Sammlungsschwerpunkte
Die überwiegende Mehrheit der Objekte in der Sammlung bilden französische Portraitminiaturen des späten 18. Jahrhunderts, der Blütezeit der Miniaturmalerei. Die Tatsache, daß die meistem Miniaturen der Sammlung aus Frankreich stammen, hängt mit Vorliebe für besonders anmutige und stimmungsvolle Werke zusammen.
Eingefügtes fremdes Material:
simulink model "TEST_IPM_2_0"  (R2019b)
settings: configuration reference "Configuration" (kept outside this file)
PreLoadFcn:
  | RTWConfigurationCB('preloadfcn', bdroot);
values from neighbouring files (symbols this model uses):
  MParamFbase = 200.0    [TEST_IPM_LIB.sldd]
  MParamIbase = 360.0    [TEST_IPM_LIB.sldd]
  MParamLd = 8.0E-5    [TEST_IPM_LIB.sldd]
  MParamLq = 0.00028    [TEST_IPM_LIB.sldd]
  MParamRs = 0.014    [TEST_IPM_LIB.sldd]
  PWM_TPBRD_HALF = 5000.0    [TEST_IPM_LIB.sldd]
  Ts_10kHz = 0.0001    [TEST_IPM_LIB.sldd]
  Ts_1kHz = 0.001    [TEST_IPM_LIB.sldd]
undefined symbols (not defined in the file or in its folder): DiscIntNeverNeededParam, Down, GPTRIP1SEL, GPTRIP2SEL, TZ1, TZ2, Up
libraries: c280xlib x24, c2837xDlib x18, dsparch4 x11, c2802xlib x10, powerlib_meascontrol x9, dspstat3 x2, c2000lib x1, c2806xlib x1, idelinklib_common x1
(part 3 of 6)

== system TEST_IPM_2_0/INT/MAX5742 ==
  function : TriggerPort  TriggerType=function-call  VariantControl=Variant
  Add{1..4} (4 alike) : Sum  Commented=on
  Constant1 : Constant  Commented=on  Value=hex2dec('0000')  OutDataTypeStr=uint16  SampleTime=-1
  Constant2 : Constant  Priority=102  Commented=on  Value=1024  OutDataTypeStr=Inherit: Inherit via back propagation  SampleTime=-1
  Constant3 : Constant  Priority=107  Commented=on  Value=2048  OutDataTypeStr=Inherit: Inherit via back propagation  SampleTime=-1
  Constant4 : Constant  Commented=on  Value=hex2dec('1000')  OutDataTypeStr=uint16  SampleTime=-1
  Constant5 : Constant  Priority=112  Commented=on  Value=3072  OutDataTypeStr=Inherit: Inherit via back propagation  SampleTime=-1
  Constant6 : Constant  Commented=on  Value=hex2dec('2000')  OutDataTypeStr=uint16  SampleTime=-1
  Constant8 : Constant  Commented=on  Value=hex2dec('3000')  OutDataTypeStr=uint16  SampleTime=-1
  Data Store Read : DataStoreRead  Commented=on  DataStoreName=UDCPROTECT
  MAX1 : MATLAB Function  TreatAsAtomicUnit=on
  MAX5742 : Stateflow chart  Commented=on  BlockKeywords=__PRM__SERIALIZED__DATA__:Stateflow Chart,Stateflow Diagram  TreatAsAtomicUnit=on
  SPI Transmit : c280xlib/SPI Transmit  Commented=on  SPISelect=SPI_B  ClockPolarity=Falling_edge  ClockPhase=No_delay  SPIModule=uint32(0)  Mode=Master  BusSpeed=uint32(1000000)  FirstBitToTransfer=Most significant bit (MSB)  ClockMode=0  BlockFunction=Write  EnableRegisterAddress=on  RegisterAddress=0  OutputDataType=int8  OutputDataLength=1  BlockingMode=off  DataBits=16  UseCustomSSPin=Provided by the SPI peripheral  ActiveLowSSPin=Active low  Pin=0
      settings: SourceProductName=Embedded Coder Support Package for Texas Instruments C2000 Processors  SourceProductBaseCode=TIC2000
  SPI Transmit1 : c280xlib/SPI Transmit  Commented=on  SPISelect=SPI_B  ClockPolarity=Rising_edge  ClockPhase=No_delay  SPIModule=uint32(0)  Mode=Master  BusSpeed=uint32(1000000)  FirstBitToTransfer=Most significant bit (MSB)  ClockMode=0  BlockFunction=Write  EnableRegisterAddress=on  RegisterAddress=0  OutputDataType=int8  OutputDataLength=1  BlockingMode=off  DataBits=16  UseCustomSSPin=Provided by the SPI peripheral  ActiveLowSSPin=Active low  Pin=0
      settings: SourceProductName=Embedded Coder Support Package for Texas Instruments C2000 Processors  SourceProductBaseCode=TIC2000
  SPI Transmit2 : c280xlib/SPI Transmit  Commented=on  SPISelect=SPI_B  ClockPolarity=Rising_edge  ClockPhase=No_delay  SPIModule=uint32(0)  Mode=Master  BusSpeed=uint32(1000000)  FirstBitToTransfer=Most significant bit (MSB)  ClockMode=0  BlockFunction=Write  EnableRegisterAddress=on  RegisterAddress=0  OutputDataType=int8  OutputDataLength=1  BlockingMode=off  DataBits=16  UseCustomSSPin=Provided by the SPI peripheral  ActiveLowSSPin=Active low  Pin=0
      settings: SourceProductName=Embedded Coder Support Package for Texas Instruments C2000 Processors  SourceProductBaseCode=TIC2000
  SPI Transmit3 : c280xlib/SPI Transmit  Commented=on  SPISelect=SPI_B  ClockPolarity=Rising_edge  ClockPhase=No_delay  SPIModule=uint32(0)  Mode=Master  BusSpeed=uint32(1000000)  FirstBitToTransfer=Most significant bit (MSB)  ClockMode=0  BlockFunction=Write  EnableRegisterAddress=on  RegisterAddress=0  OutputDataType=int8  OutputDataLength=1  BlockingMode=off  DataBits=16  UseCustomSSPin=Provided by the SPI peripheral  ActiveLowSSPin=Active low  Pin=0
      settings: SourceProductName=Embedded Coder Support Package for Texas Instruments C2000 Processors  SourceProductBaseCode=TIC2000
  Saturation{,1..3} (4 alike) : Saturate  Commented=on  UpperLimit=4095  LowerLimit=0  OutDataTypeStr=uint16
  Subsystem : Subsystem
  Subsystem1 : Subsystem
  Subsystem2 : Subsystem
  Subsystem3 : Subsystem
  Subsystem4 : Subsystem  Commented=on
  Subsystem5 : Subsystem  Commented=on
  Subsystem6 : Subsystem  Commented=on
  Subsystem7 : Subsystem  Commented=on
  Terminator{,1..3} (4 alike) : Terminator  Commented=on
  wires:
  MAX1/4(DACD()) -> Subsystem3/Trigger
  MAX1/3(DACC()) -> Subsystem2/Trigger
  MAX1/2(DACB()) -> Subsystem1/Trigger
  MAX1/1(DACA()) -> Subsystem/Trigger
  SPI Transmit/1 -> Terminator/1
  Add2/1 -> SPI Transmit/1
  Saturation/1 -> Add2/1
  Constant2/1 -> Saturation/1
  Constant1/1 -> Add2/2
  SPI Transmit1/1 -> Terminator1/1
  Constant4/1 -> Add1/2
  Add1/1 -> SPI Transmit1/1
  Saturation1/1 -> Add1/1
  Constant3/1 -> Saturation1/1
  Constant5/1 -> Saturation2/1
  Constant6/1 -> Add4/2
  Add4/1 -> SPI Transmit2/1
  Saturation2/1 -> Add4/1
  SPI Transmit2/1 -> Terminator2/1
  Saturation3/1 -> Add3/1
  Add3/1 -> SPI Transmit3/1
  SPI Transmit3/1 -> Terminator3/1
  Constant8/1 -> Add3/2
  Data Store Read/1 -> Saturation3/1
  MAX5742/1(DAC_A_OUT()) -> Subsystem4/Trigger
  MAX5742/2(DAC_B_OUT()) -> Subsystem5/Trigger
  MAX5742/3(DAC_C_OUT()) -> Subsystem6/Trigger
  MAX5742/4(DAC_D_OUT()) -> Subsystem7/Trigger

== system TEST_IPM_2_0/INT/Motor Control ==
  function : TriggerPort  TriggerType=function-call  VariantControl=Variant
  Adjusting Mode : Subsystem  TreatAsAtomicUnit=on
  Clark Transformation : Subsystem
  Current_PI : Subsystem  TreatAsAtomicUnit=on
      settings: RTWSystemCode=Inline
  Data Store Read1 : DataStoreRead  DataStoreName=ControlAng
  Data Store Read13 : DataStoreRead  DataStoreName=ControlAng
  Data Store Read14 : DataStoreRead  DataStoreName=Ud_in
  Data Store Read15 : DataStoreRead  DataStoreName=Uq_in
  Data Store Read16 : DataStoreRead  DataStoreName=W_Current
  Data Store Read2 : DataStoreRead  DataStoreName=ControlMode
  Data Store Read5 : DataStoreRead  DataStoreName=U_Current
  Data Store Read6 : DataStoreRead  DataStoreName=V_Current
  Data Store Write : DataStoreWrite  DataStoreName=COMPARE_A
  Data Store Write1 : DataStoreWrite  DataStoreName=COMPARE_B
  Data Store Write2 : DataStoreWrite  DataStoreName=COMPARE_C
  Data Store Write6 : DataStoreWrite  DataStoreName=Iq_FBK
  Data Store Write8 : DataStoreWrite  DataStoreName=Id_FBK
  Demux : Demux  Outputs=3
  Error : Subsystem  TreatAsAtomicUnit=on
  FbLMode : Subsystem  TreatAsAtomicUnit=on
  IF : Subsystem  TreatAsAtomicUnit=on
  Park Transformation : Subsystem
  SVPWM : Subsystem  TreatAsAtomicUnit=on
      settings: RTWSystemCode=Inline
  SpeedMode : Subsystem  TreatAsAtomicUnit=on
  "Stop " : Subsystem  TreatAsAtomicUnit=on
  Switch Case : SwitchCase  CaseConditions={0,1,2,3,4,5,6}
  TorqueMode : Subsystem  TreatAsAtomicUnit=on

Daneben sind aber auch andere Länder und Epochen reich vertreten.
Die ältesten Miniaturen der Sammlung stammen aus dem 16. Jahrhundert, dem Beginn der Miniaturmalerei überhaupt. Die jüngsten Miniaturen stammen vom Beginn des 20. Jahrhundert.
Trotz der Tatsache, daß Paris und London die großen Zentren der Miniaturmalerei waren, belegen viele stücke aus Skandinavien, Rußland, der Schweiz, Österreich und Italien das Schaffen im übrigen Europa, und selbst die seltenen deutschen Miniaturen sind in der Sammlung gut vertreten.
Neben der Büste findet sich das Kniestück und ganzfigurige Portraits, das Einzelbildnis ebenso wie Doppel- und Gruppenportraits, Liebespaare, Mutter-mit-Kind-Darstelungen oder Poträts mit "verschlüsselten Botschaften" und nicht zuletzt etliche repräsentative Bildnisse historischer Persönlichkeiten. Einen besonderen Platz nehmen Künstlerportraits ein, unter denen sich einige Selbstbildnisse befinden.